Records drawn from a dataset:
────────────────────────────────────────

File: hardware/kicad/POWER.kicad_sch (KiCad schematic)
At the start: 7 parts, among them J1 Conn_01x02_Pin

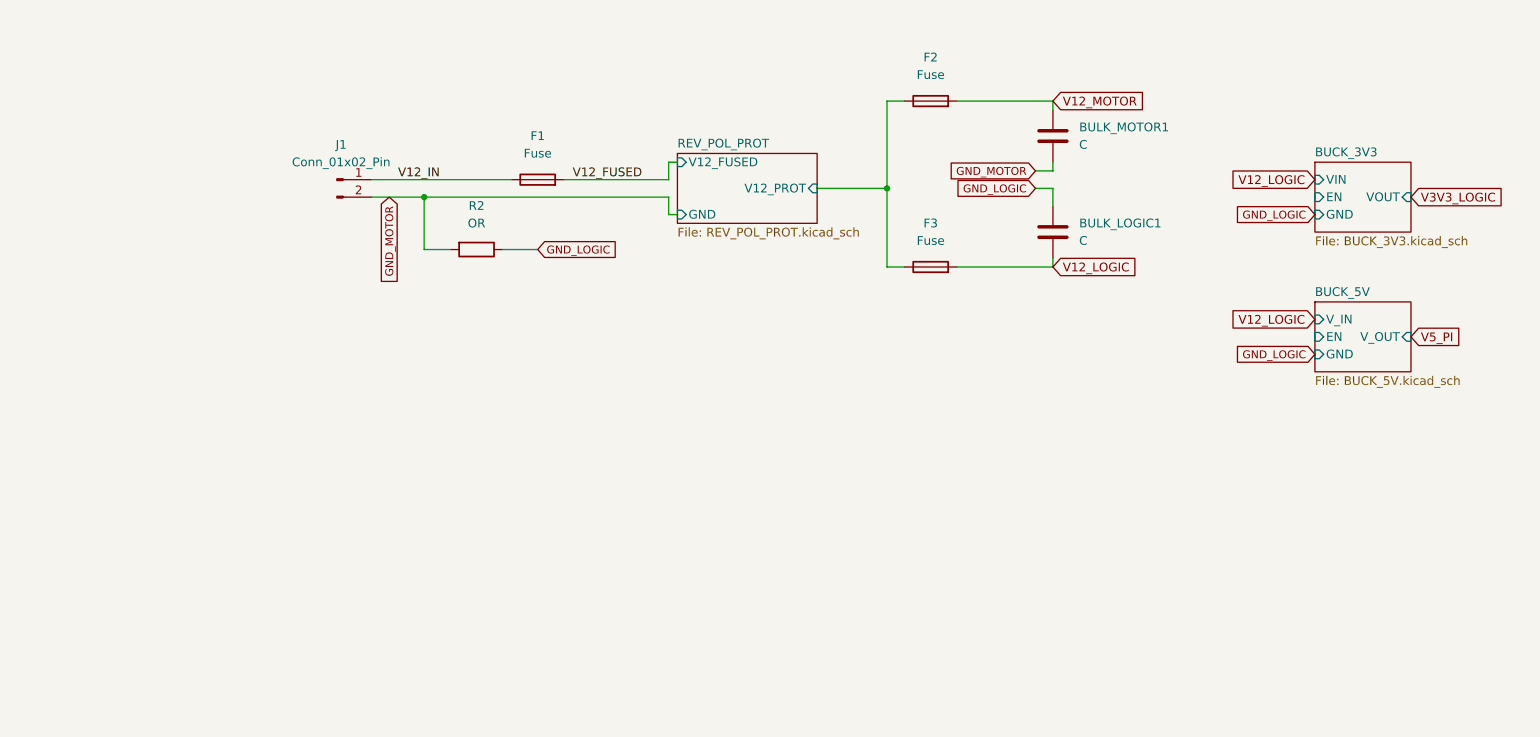
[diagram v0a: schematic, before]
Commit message: feat: buck 12-3.3V schematic structure complete
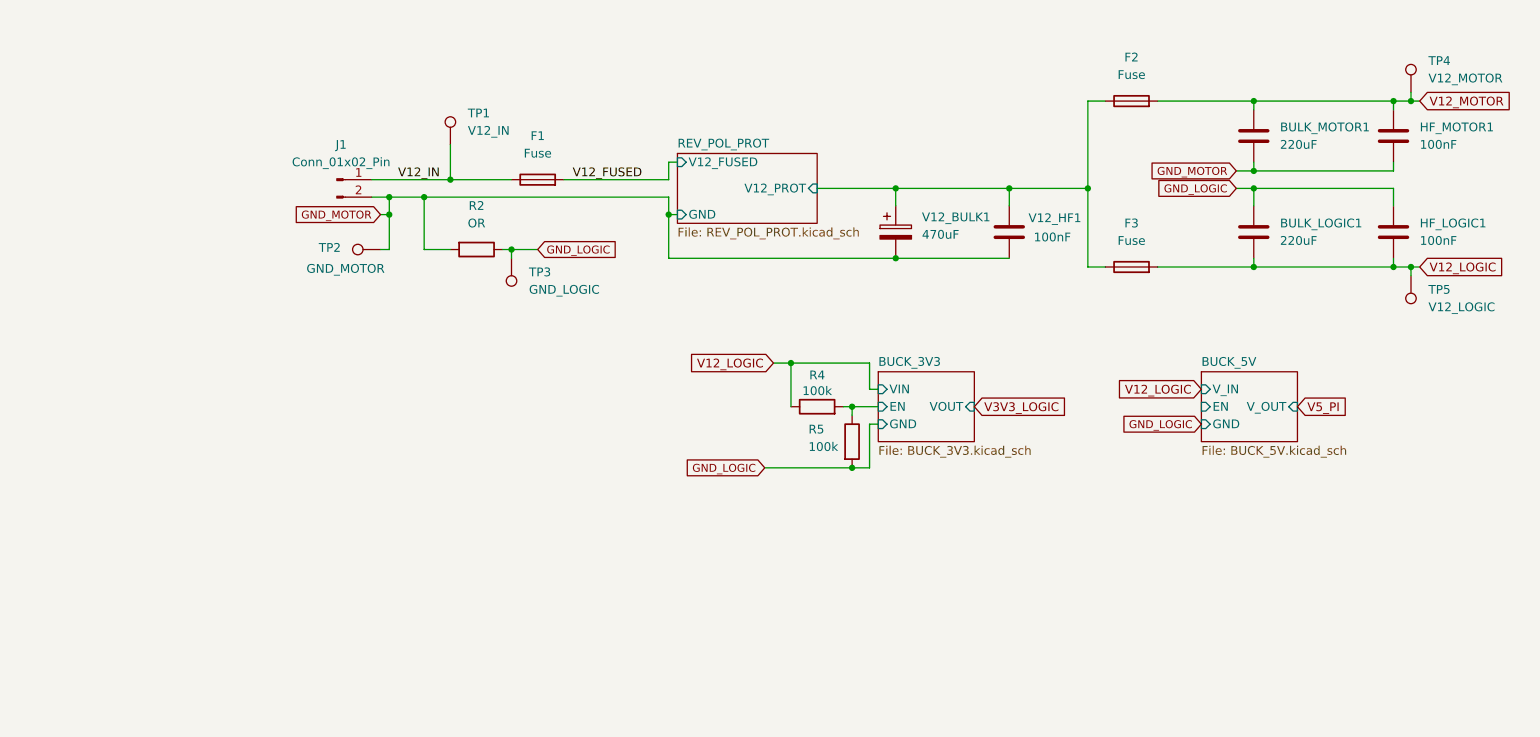
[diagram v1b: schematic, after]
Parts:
- added HF_LOGIC1, HF_MOTOR1, V12_HF1: 100nF, symbol Device:C
- added R4: 100k, Resistor_SMD:R_1206_3216Metric_Pad1.30x1.75mm_HandSolder, symbol Device:R
- added R5: 100k, symbol Device:R
- added TP1: V12_IN, symbol Connector:TestPoint
- added TP2: GND_MOTOR, symbol Connector:TestPoint
- added TP3: GND_LOGIC, symbol Connector:TestPoint
- added TP4: V12_MOTOR, symbol Connector:TestPoint
- added TP5: V12_LOGIC, symbol Connector:TestPoint
- added V12_BULK1: 470uF, symbol Device:C_Polarized
- BULK_LOGIC1, BULK_MOTOR1: value C -> 220uF
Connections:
- net BUCK_3V3/EN: now also R4.2, R5.1
- net GND_LOGIC: now also HF_LOGIC1.1, R5.2, TP3.1
- net GND_MOTOR: now also HF_MOTOR1.2, TP2.1, V12_BULK1.2, V12_HF1.2
- net REV_POL_PROT/V12_PROT: now also V12_BULK1.1, V12_HF1.1
- net V12_IN: now also TP1.1
- net V12_LOGIC: now also HF_LOGIC1.2, R4.1, TP5.1
- net V12_MOTOR: now also HF_MOTOR1.1, TP4.1
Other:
- moved on the sheet: BULK_LOGIC1, BULK_MOTOR1, F2, F3

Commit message: fix: changed to TPSM82903 - PG not connected yet
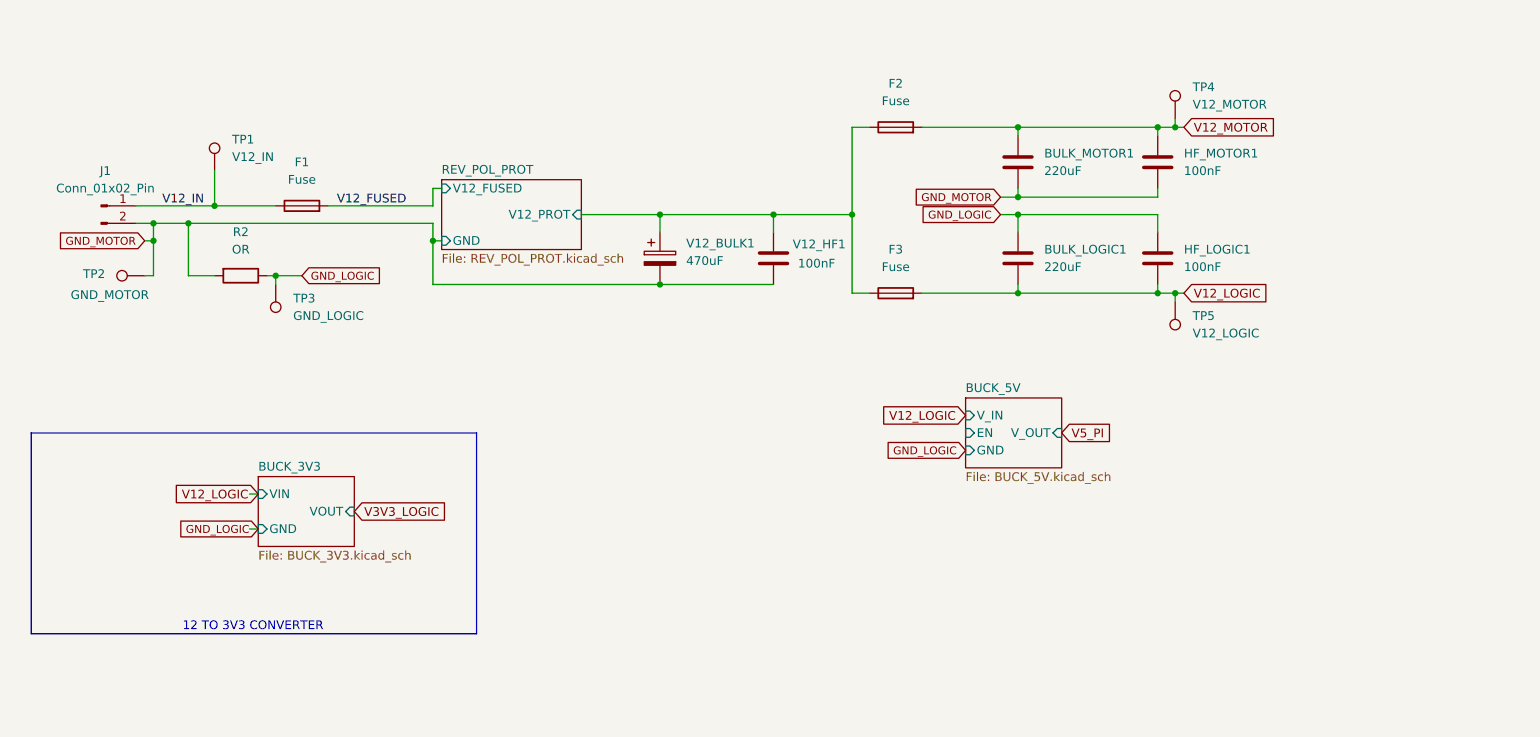
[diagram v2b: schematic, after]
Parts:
- removed R4: 100k, Resistor_SMD:R_1206_3216Metric_Pad1.30x1.75mm_HandSolder, symbol Device:R
- removed R5: 100k, symbol Device:R
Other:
- sheet BUCK_3V3 ports: added none; removed EN
- note added: "12 TO 3V3 CONVERTER"
- moved on the sheet: BULK_LOGIC1, BULK_MOTOR1, F1, F2, F3, HF_LOGIC1, HF_MOTOR1, J1, R2, TP1, TP2, TP3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

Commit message: feat: implemented keypad & reverse polarity protection
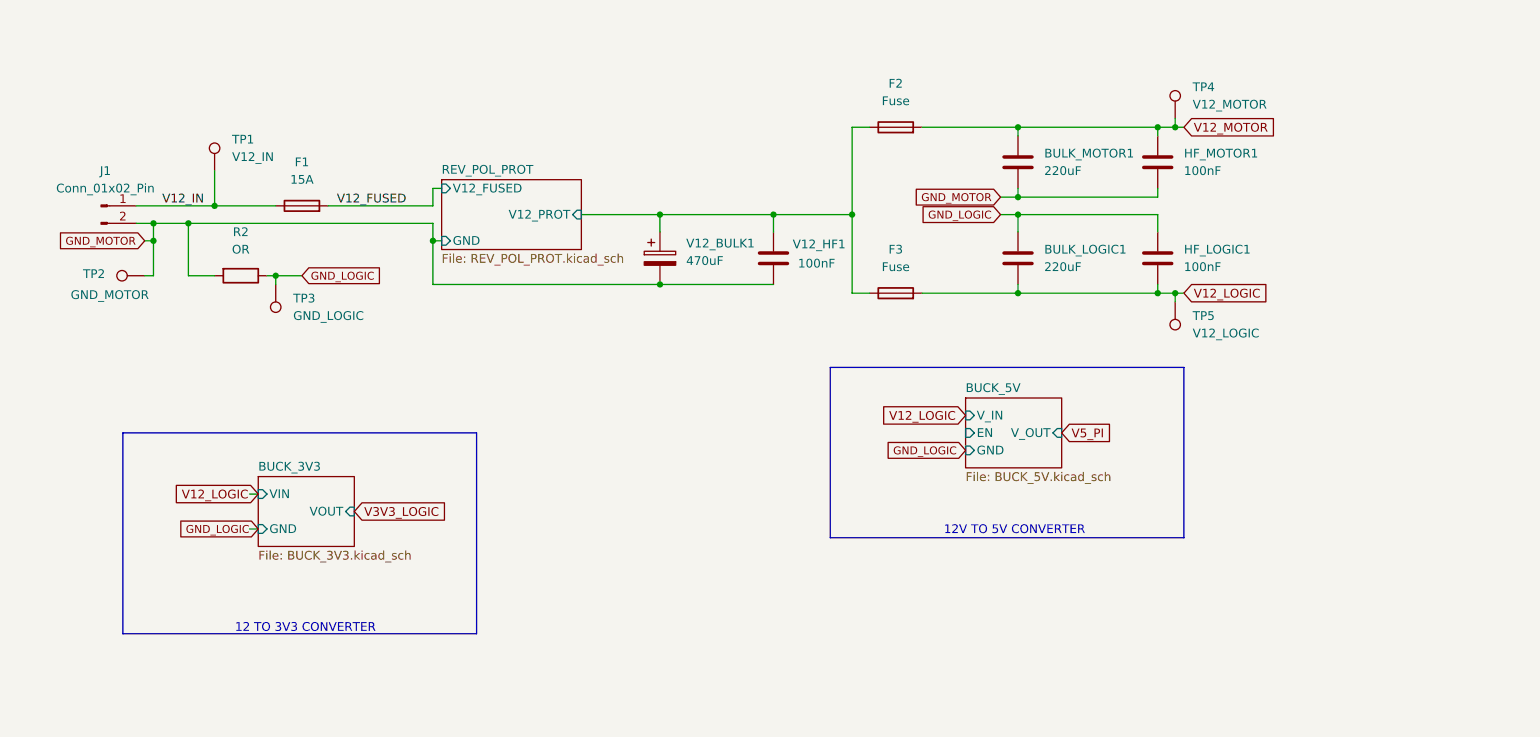
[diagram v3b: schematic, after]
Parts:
- F1: value Fuse -> 15A
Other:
- note added: "12V TO 5V CONVERTER"
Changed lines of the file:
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@@
 	(paper "A4")
 	(rectangle
-		(start 54.61 104.14)
+		(start 67.945 104.14)
 		(end 119.38 133.35)
 		(stroke
@@
 		)
 	)
+	(rectangle
+		(start 170.815 94.615)
+		(end 222.25 119.38)
+		(stroke
+			(width 0)
+			(type default)
+		)
+		(fill
+			(type none)
+		)
+	)
+	(text "12V TO 5V CONVERTER\n"
+		(exclude_from_sim no)
+		(at 197.612 118.364 0)
+		(effects
+			(font
+				(size 1.27 1.27)
+			)
+		)
+	)
 	(text "12 TO 3V3 CONVERTER\n"
 		(exclude_from_sim no)
-		(at 86.868 132.334 0)
+		(at 94.488 132.588 0)
 		(effects
 			(font
@@
 			)
 		)
-		(property "Value" "Fuse"
+		(property "Value" "15A"
 			(at 93.98 67.31 90)
 			(effects

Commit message: fix: error fixing & connection config
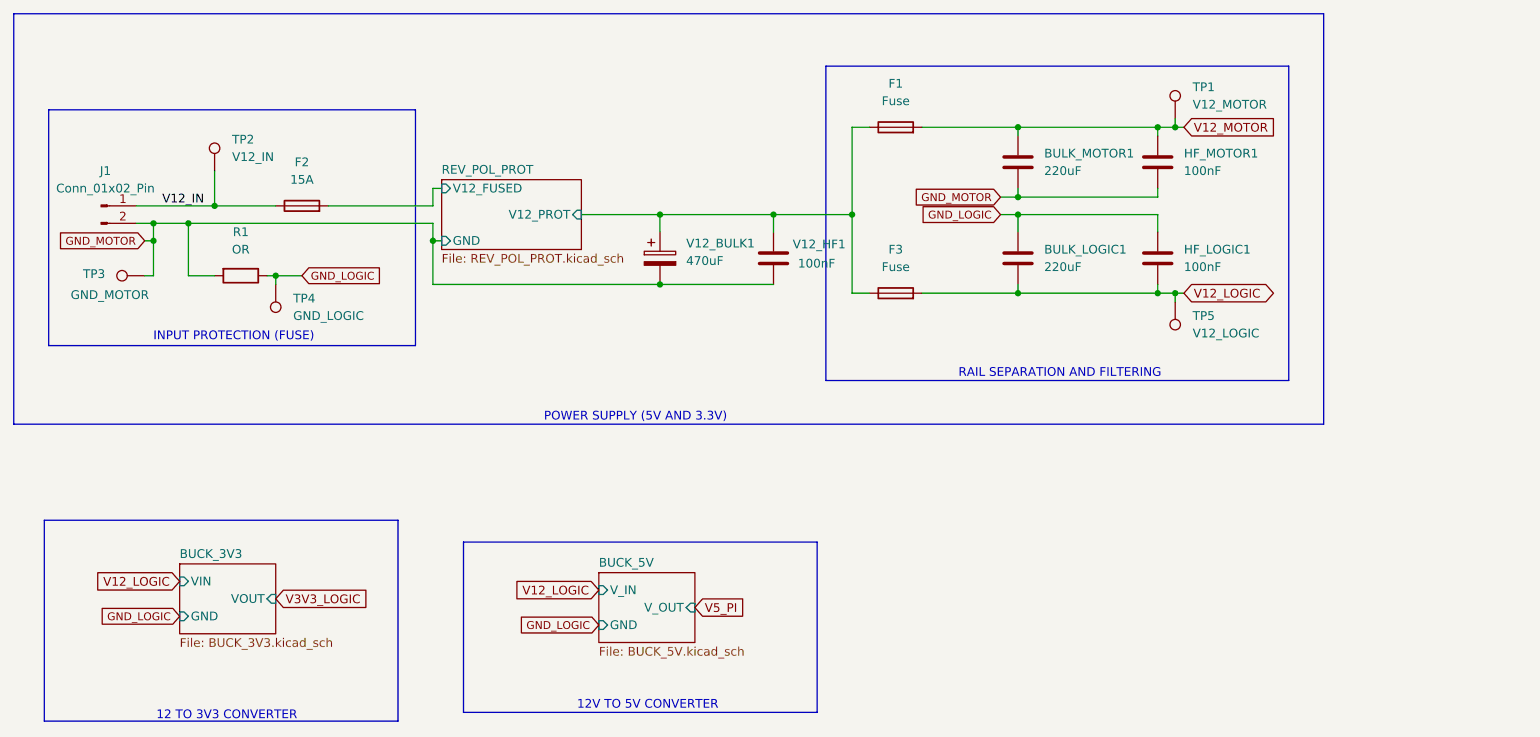
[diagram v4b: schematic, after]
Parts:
- renumbered F2 to F1, F1 to F2, R2 to R1, TP4 to TP1, TP1 to TP2, TP2 to TP3, TP3 to TP4
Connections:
- net V12_FUSED renamed REV_POL_PROT/V12_FUSED
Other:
- sheet BUCK_5V ports: added none; removed EN
- note added: "INPUT PROTECTION (FUSE)"
- note added: "POWER SUPPLY (5V AND 3.3V)"
- note added: "RAIL SEPARATION AND FILTERING"

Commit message: docs: added end semester report for project
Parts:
- BULK_LOGIC1, BULK_MOTOR1, HF_LOGIC1, HF_MOTOR1, V12_HF1: symbol Device:C -> TPSM82903:C
- F1, F2, F3: symbol Device:Fuse -> TPSM82903:Fuse
- J1: symbol Connector:Conn_01x02_Pin -> TPSM82903:Conn_01x02_Pin
- R1: symbol Device:R -> TPSM82903:R
- TP1, TP2, TP3, TP4, TP5: symbol Connector:TestPoint -> TPSM82903:TestPoint
- V12_BULK1: symbol Device:C_Polarized -> TPSM82903:C_Polarized
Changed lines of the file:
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@@
 	)
 	(symbol
-		(lib_id "Device:Fuse")
+		(lib_id "TPSM82903:Fuse")
 		(at 93.98 71.12 90)
 		(unit 1)
@@
 	)
 	(symbol
-		(lib_id "Device:C")
+		(lib_id "TPSM82903:C")
 		(at 218.44 78.74 0)
 		(unit 1)
@@
 	)
 	(symbol
-		(lib_id "Connector:TestPoint")
+		(lib_id "TPSM82903:TestPoint")
 		(at 220.98 58.42 0)
 		(unit 1)
@@
 	)
 	(symbol
-		(lib_id "Device:Fuse")
+		(lib_id "TPSM82903:Fuse")
 		(at 180.34 59.69 90)
 		(unit 1)
@@
 	)
 	(symbol
-		(lib_id "Device:C")
+		(lib_id "TPSM82903:C")
 		(at 218.44 64.77 0)
 		(unit 1)
@@
 	)
 	(symbol
-		(lib_id "Connector:TestPoint")
+		(lib_id "TPSM82903:TestPoint")
 		(at 71.12 81.28 90)
 		(unit 1)
@@
 	)
 	(symbol
-		(lib_id "Device:Fuse")
+		(lib_id "TPSM82903:Fuse")
 		(at 180.34 83.82 90)
 		(unit 1)
@@
 	)
 	(symbol
-		(lib_id "Device:R")
+		(lib_id "TPSM82903:R")
 		(at 85.09 81.28 270)
 		(unit 1)
@@
 	)
 	(symbol
-		(lib_id "Device:C")
+		(lib_id "TPSM82903:C")
 		(at 198.12 78.74 0)
 		(unit 1)
@@
 	)
 	(symbol
-		(lib_id "Device:C")
+		(lib_id "TPSM82903:C")
 		(at 198.12 64.77 0)
 		(unit 1)
@@
 	)
 	(symbol
-		(lib_id "Device:C")
+		(lib_id "TPSM82903:C")
 		(at 162.56 78.74 0)
 		(unit 1)
@@
 	)
 	(symbol
-		(lib_id "Connector:Conn_01x02_Pin")
+		(lib_id "TPSM82903:Conn_01x02_Pin")
 		(at 64.77 71.12 0)
 		(unit 1)
@@
 	)
 	(symbol
-		(lib_id "Connector:TestPoint")
+		(lib_id "TPSM82903:TestPoint")
 		(at 220.98 85.09 180)
 		(unit 1)
@@
 	)
 	(symbol
-		(lib_id "Connector:TestPoint")
+		(lib_id "TPSM82903:TestPoint")
 		(at 90.17 82.55 180)
 		(unit 1)
@@
 	)
 	(symbol
-		(lib_id "Connector:TestPoint")
+		(lib_id "TPSM82903:TestPoint")
 		(at 81.28 66.04 0)
 		(unit 1)
@@
 	)
 	(symbol
-		(lib_id "Device:C_Polarized")
+		(lib_id "TPSM82903:C_Polarized")
 		(at 146.05 78.74 0)
 		(unit 1)

────────────────────────────────────────

= Your instructions =
Retype only the lines above between the line with "- added TP2: GND_MOTOR, symbol" and the line with "- net GND_MOTOR: now", counting those two lines as well, and keep every character as it is.

= Task response =
- added TP2: GND_MOTOR, symbol Connector:TestPoint
- added TP3: GND_LOGIC, symbol Connector:TestPoint
- added TP4: V12_MOTOR, symbol Connector:TestPoint
- added TP5: V12_LOGIC, symbol Connector:TestPoint
- added V12_BULK1: 470uF, symbol Device:C_Polarized
- BULK_LOGIC1, BULK_MOTOR1: value C -> 220uF
Connections:
- net BUCK_3V3/EN: now also R4.2, R5.1
- net GND_LOGIC: now also HF_LOGIC1.1, R5.2, TP3.1
- net GND_MOTOR: now also HF_MOTOR1.2, TP2.1, V12_BULK1.2, V12_HF1.2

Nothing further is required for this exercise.